2023: The year of high SSD failure rates
TLDR: In 2014, SSDs were unreliable but cool and new. They've become more reliable over the years, but going into 2024, they're showing a streak of unreliability again. I've had had an SSD fail, an enclosure fail, and an SSD+enclosure which seemed to break eachother.
The worst offenders are SanDisk, Western Digital, Samsung. Backblaze reports roughly confirm this. See their full stats page here.
I didn't even know Dell made SSDs, but BackBlaze reports Dell as the lowest failure rate.
My first piece of external storage was a 512MB USB 2.0 flash drive, which I made good use of in elementary school.
I made sure to keep backups of everything, everywhere, all the time, until one stressful day in junior year that I lost a 16GB flashdrive. I had hours of homework completed on it, fighting for a competitive GPA-based scholarship where every point mattered. I sobbed having had lost it. My fault for not keeping a copy.
I've fastidiously maintained backups of my backups, ensuring to have no single point of failure (short of a house fire) since then. For these purposes I recommend SyncThing, a FOSS tool to sync files between your devices in a peer-to-peer manner.
This paranoid commitment to data integrity finally held up in 2023, the year of atrocious SSDs.
I've had the following SSDs and enclosures fail on me in the past year:
- Either the Plugable USB C M.2 NVMe enclosure (B07N48N5GR) or a WD_Black 850 drive.
- After use, the 850 drive wouldn't respond in any other enclosure, and I wasn't willing to test any drive in the Plugable.
- There had been reports that the Plugable enclosure fried drives, so I'm inclined to blame the enclosure.
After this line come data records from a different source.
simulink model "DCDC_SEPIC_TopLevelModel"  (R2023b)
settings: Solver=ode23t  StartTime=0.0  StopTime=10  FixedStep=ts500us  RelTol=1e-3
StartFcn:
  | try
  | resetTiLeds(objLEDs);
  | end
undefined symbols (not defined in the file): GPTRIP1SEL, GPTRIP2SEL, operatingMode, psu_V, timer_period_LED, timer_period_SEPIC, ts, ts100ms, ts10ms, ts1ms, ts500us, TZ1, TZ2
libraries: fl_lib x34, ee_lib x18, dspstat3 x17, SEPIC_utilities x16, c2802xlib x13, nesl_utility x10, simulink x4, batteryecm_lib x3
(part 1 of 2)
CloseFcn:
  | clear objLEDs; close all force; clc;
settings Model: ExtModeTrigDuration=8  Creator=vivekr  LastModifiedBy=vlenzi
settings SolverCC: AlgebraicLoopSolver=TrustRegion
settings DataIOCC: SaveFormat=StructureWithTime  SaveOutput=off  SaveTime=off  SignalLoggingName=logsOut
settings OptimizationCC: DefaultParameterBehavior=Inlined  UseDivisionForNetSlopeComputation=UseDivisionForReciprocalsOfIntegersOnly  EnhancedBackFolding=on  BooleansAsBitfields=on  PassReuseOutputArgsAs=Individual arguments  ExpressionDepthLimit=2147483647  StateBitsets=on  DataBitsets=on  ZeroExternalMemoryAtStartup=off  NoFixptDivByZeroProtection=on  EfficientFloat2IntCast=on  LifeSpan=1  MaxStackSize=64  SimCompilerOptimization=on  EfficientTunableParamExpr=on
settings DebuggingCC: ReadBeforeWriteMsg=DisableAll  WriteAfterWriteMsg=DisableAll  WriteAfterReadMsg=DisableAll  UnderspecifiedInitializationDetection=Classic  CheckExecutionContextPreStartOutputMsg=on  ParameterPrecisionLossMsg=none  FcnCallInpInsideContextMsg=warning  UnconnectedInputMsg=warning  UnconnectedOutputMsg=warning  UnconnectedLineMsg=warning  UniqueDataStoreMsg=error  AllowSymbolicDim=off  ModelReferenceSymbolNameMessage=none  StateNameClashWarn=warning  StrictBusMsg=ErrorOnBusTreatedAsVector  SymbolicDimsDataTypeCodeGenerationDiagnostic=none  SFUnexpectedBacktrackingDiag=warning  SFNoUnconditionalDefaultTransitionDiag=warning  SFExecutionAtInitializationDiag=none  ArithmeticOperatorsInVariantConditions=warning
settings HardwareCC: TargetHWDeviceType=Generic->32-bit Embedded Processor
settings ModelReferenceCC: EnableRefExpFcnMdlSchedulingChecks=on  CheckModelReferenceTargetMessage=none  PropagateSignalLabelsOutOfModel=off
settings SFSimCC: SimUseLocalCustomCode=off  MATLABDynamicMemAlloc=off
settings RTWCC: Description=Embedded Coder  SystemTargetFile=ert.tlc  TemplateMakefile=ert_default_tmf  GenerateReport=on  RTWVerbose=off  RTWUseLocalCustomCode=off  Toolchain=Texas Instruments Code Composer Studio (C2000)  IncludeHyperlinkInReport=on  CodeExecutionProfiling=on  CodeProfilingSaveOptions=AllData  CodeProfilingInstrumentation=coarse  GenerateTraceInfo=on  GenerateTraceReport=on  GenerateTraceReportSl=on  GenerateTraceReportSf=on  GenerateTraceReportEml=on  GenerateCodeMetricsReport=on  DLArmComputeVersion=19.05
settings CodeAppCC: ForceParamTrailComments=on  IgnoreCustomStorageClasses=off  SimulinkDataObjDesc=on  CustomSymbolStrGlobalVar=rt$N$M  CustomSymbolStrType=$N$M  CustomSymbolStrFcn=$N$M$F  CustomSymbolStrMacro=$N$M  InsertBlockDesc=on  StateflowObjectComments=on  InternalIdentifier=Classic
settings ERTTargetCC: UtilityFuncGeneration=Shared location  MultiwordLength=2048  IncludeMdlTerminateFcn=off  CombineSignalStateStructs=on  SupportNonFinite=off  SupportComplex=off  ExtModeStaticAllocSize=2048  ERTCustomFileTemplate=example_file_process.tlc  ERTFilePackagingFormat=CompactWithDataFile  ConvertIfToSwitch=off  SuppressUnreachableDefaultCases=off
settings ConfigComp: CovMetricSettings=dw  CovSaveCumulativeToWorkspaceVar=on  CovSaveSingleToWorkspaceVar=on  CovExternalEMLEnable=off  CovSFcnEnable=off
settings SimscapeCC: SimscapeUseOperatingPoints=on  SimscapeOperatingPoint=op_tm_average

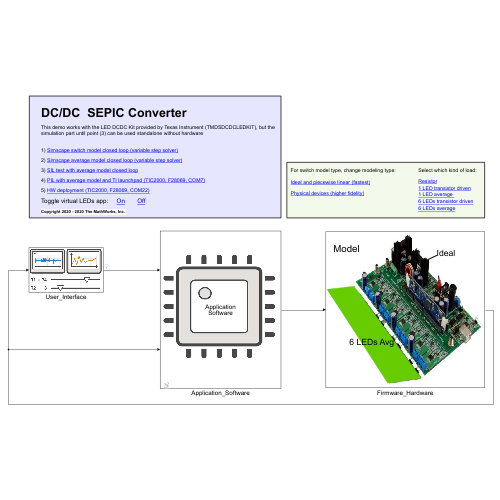
[thumbnail: Simulink's stored preview of the top-level diagram]
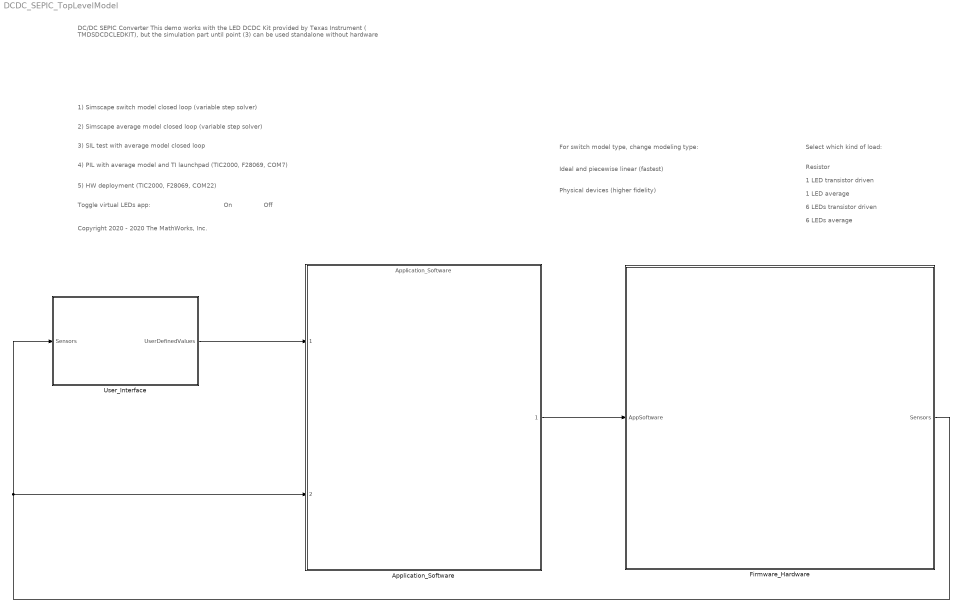
== system DCDC_SEPIC_TopLevelModel ==
  note: Copyright 2020 - 2020 The MathWorks, Inc.
  note: Ideal and piecewise linear (fastest)
  note: DC/DC SEPIC Converter
      |
      | This demo works with the LED DCDC Kit provided by Texas Instrument ( TMDSDCDCLEDKIT), but the simulation part until point (3) can be used standalone without hardware
  note: 5) HW deployment (TIC2000, F28069, COM22)
  note: 2) Simscape average model closed loop (variable step solver)
  note: 1) Simscape switch model closed loop (variable step solver)
  note: Physical devices (higher fidelity)
  note: For switch model type, change modeling type:
  note: 3) SIL test with average model closed loop
  note: Select which kind of load:
  note: Resistor
  note: 1 LED transistor driven
  note: 1 LED average
  note: 6 LEDs transistor driven
  note: 6 LEDs average
  note: Toggle virtual LEDs app:
  note: On
  note: Off
  note: 4) PIL with average model and TI launchpad (TIC2000, F28069, COM7)
  Application_Software : ModelReference  ModelNameDialog=Application_Software  SimulationMode=Normal  ModelReferenceVersion=1.589
      mask Display: image('cpu.png');disp('Application\nSoftware');
  Firmware_Hardware : Subsystem
      mask Display: image('SEPIC_converter_TI_Kit.jpg');text(0.05,0.9,'\fontsize{28}Model','texmode', 'on');plot([0.6 0.7],[0.8 0.85]);text(0.7,0.87,'\fontsize{25}Ideal','texmode', 'on');patch([0.39 0.01 0.18 0.6],[0.03 0.63 0.65 0.06], [0.4 0.8 0]);text(0.15,0.3,'\fontsize{25}6 LEDs Avg','texmode', 'on');
  User_Interface : Subsystem
      mask Display: image('user_interface.png');
  wires:
  User_Interface/1(UserDefinedValues) -> Application_Software/1
  Application_Software/1 -> Firmware_Hardware/1(AppSoftware)
  Firmware_Hardware/1(Sensors) -> User_Interface/1(Sensors), Application_Software/2

== system DCDC_SEPIC_TopLevelModel/Firmware_Hardware ==
  Bus Element In : Inport  PortName=AppSoftware  Element=dcpwmSEPIC
  Bus Element In1 : Inport  PortName=AppSoftware  Element=dcpwmLEDvector
  Hardware_Filter : Subsystem  Variant=on  VariantControl=Variant1  AllowZeroVariantControls=on
  Bus Element Out : Outport  PortName=Sensors  Element=voltSEPIC
  Bus Element Out1 : Outport  PortName=Sensors  Element=currSEPIC
  Bus Element Out2 : Outport  PortName=Sensors  Element=currLEDstrips
  Bus Element Out3 : Outport  PortName=Sensors  Element=voltPSU
  wires:
  Hardware_Filter/2(currSEPIC) -> Bus Element Out1/1  "currSEPIC"
  Hardware_Filter/3(currLEDstrips) -> Bus Element Out2/1  "currLEDstrips"
  Bus Element In1/1 -> Hardware_Filter/2(dcpwmLEDvector)
  Hardware_Filter/4(voltPSU) -> Bus Element Out3/1  "voltPSU"
  Hardware_Filter/1(voltSEPIC) -> Bus Element Out/1  "voltSEPIC"
  Bus Element In/1 -> Hardware_Filter/1(dcpwmSEPIC)

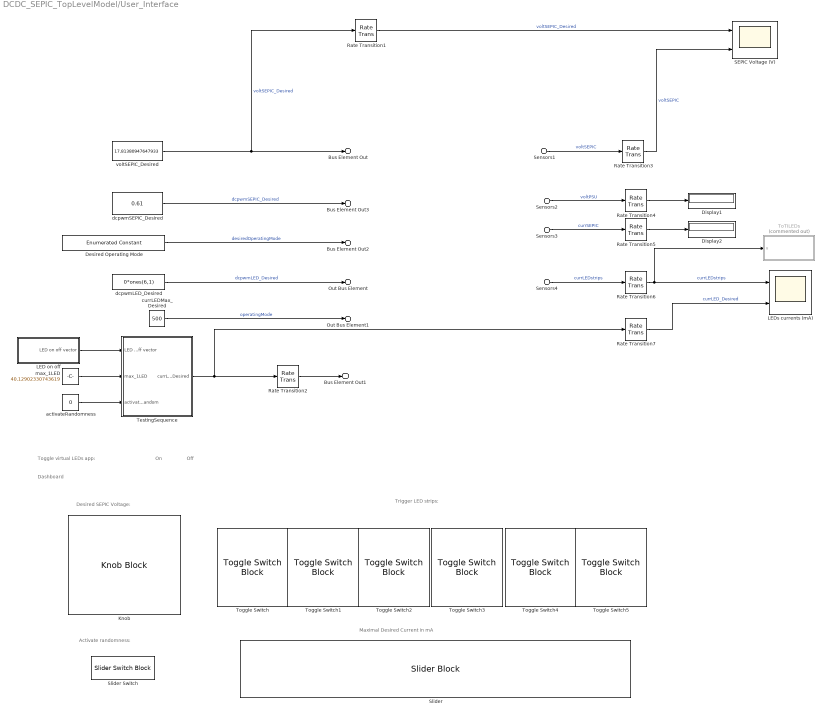
== system DCDC_SEPIC_TopLevelModel/User_Interface ==
  note: Maximal Desired Current in mA
  note: Dashboard
  note: Trigger LED strips:
  note: Desired SEPIC Voltage:
  note: Activate randomness:
  note: Toggle virtual LEDs app:
  note: On
  note: Off
  Sensors1 : Inport  PortName=Sensors  Element=voltSEPIC
  Sensors2 : Inport  PortName=Sensors  Element=voltPSU
  Sensors3 : Inport  PortName=Sensors  Element=currSEPIC
  Sensors4 : Inport  PortName=Sensors  Element=currLEDstrips
  Desired Operating Mode : simulink/Sources/Enumerated Constant  OutDataTypeStr=Enum: operatingMode  Value=operatingMode.AutomaticOperation  SampleTime=inf
  Display1 : Display
  Display2 : Display
  Knob : KnobBlock  LabelPosition=Hide  ScaleMin=9  ScaleMax=21  TickInterval=3
  LED on off : Subsystem
  LEDs currents (mA) : Scope  NumInputPorts=2
  Rate Transition{1,3..7} (6 alike) : RateTransition  Deterministic=off  OutPortSampleTime=ts10ms
  Rate Transition2 : RateTransition  Deterministic=off
  SEPIC Voltage (V) : Scope  NumInputPorts=2
  Slider : SliderBlock  LabelPosition=Hide  TickInterval=10
  Slider Switch : SliderSwitchBlock  LabelPosition=Hide
      settings: Values={{'Off', 'On'}, [0 1]}
  TestingSequence : Subsystem  Variant=on  VariantControlMode=label  VariantControl=Choice  LabelModeActiveChoice=Choice_1
  ToTILEDs : MATLAB Function  Commented=on  TreatAsAtomicUnit=on
  Toggle Switch{,1..5} (6 alike) : ToggleSwitchBlock  LabelPosition=Hide
      settings: Values={{'Off', 'On'}, [0 1]}
  activateRandomness : Constant  Value=0  OutDataTypeStr=single
  currLEDMax_Desired : Constant  Value=500  OutDataTypeStr=single
  dcpwmLED_Desired : Constant  Value=0*ones(6,1)  OutDataTypeStr=single
  dcpwmSEPIC_Desired : Constant  Value=0.61  OutDataTypeStr=single
  max_1LED : Constant  Value=40.12902330743619  OutDataTypeStr=single
  voltSEPIC_Desired : Constant  Value=17.81380947647933  OutDataTypeStr=single
  Bus Element Out : Outport  PortName=UserDefinedValues  Element=voltSEPIC_Desired
  Bus Element Out1 : Outport  PortName=UserDefinedValues  Element=currLED_Desired
  Bus Element Out2 : Outport  PortName=UserDefinedValues  Element=desiredOperatingMode
  Bus Element Out3 : Outport  PortName=UserDefinedValues  Element=dcpwmSEPIC_Desired
  Out Bus Element : Outport  PortName=UserDefinedValues  Element=dcpwmLED_Desired
  Out Bus Element1 : Outport  PortName=UserDefinedValues  Element=currLEDMax_Desired
  wires:
  voltSEPIC_Desired/1 -> Bus Element Out/1, Rate Transition1/1  "voltSEPIC_Desired"
  Desired Operating Mode/1 -> Bus Element Out2/1  "desiredOperatingMode"
  Sensors1/1 -> Rate Transition3/1  "voltSEPIC"
  Sensors2/1 -> Rate Transition4/1  "voltPSU"
  Sensors3/1 -> Rate Transition5/1  "currSEPIC"
  Sensors4/1 -> Rate Transition6/1  "currLEDstrips"
  dcpwmSEPIC_Desired/1 -> Bus Element Out3/1  "dcpwmSEPIC_Desired"
  dcpwmLED_Desired/1 -> Out Bus Element/1  "dcpwmLED_Desired"
  Rate Transition6/1 -> LEDs currents (mA)/1, ToTILEDs/1(u)  "currLEDstrips"
  currLEDMax_Desired/1 -> Out Bus Element1/1  "operatingMode"
  Rate Transition3/1 -> SEPIC Voltage (V)/2  "voltSEPIC"
  Rate Transition4/1 -> Display1/1
  Rate Transition5/1 -> Display2/1
  Rate Transition1/1 -> SEPIC Voltage (V)/1  "voltSEPIC_Desired"
  TestingSequence/1(currLED_Desired) -> Rate Transition2/1, Rate Transition7/1
  Rate Transition7/1 -> LEDs currents (mA)/2  "currLED_Desired"
  max_1LED/1 -> TestingSequence/2(max_1LED)
  LED on off/1(LED on off vector) -> TestingSequence/1(LED on off vector)
  activateRandomness/1 -> TestingSequence/3(activateRandom)
  Rate Transition2/1 -> Bus Element Out1/1

== system DCDC_SEPIC_TopLevelModel/Firmware_Hardware/Hardware_Filter ==
  dcpwmSEPIC : Inport  Unit=1
  dcpwmLEDvector : Inport  Port=2  Unit=1
  Simscape : Subsystem  VariantControl=Var_Plant==0
  TIC2000_F28069_Interfaces : Subsystem  VariantControl=Var_Plant==1
  voltSEPIC : Outport  Unit=V  VectorParamsAs1DForOutWhenUnconnected=off
  currSEPIC : Outport  Port=2  Unit=mA  VectorParamsAs1DForOutWhenUnconnected=off
  currLEDstrips : Outport  Port=3  Unit=mA  PortDimensions=6  VectorParamsAs1DForOutWhenUnconnected=off
  voltPSU : Outport  Port=4  Unit=V  VectorParamsAs1DForOutWhenUnconnected=off

== system DCDC_SEPIC_TopLevelModel/User_Interface/LED on off ==
  LED on off {1..4,6} (5 alike) : Constant  Value=0  OutDataTypeStr=single
  LED on off 5 : Constant  OutDataTypeStr=single
  Mux : Mux  Inputs=6
  LED on off vector : Outport
  wires:
  Mux/1 -> LED on off vector/1
  LED on off 6/1 -> Mux/6
  LED on off 2/1 -> Mux/2
  LED on off 4/1 -> Mux/4
  LED on off 1/1 -> Mux/1
  LED on off 5/1 -> Mux/5
  LED on off 3/1 -> Mux/3

== system DCDC_SEPIC_TopLevelModel/User_Interface/TestingSequence ==
  LED on off vector : Inport
  max_1LED : Inport  Port=2
  activateRandom : Inport  Port=3
  RandomPulses : Subsystem  VariantControl=Choice_1
  Vectorization : Subsystem  VariantControl=Choice
  currLED_Desired : Outport

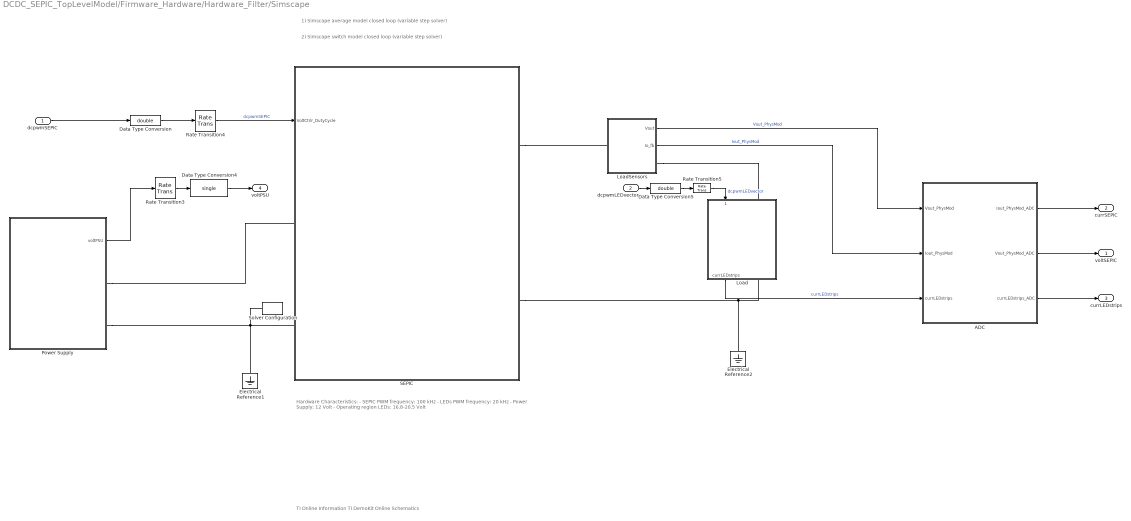
== system DCDC_SEPIC_TopLevelModel/Firmware_Hardware/Hardware_Filter/Simscape ==
  note: Hardware Characteristics:
      | - SEPIC PWM frequency: 100 kHz
      | - LEDs PWM frequency: 20 kHz
      | - Power Supply: 12 Volt
      | - Operating region LEDs: 16.8-20.5 Volt
  note: 2) Simscape switch model closed loop (variable step solver)
  note: 1) Simscape average model closed loop (variable step solver)
  note: TI Online Information
      | TI DemoKit Online Schematics
  dcpwmSEPIC : Inport  OutDataTypeStr=single  Unit=1  PortDimensions=1
  dcpwmLEDvector : Inport  Port=2  Unit=1
  ADC : Subsystem
      mask Display: disp('ADC');
  Data Type Conversion : DataTypeConversion  OutDataTypeStr=double  SaturateOnIntegerOverflow=off  RndMeth=Floor
  Data Type Conversion4 : DataTypeConversion  OutDataTypeStr=single  SaturateOnIntegerOverflow=off  RndMeth=Floor
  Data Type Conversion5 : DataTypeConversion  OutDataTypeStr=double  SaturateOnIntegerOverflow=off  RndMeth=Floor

- The Sabrent Utlra Slim USB 3.0 to 2.5 inch SATA aluminum enclosure (B00LS31KQG), which simply stopped reading disks after one use. The disk is still fine:
- The SanDisk 2TB Extreme PRO Portable SSD (B08GV4YYV7), due to problems impacting every single one of these
Of these, the greatest betrayal was the SanDisk 2TB Extreme Pro. I had my failure in January 2023, and now (December 2023), people are still suffering failures (Reddit Feb 2023, The Verge August 2023, TomsHardware Nov 2023), despite Western Digital's insistence that it's been fixed. Everything I put on the SanDisk were files I considered "non-critical", but I miss them now. Old photos, homeworks, notes, server logs, and project repositories.
Everything lost. And Amazon is still selling them.
Now, looking for a new SSD feels like walking a field of landmines. I can't trust SanDisk, I can't trust Western Digital, I can't trust Samsung (who has reported problems with the 870 Evo and 970 Evo and the 990 especially, per The Verge), and you can't trust Amazon, which is notoriously full of counterfeits.
SSDs were notoriously unreliable a decade ago, and that was a price people accepted for the performance benefits they offered over HHDs. (It was amazing to watch Windows 7 boot in seconds rather than minutes. In 2014, I was proud of my one-minute Ubuntu boot time!).
BackBlaze, famous for reporting their experienced HDD reliability, has started reporting SSD reliability. Their stats confirm a trend others have observed: SSDs over the past few years have had some bad design flaws and some bad batches.
From what I see, Dell looks like the most reliable SSD manufacturer. I didn't even know Dell made SSDs, but I think I know where I'm going for my next purchase.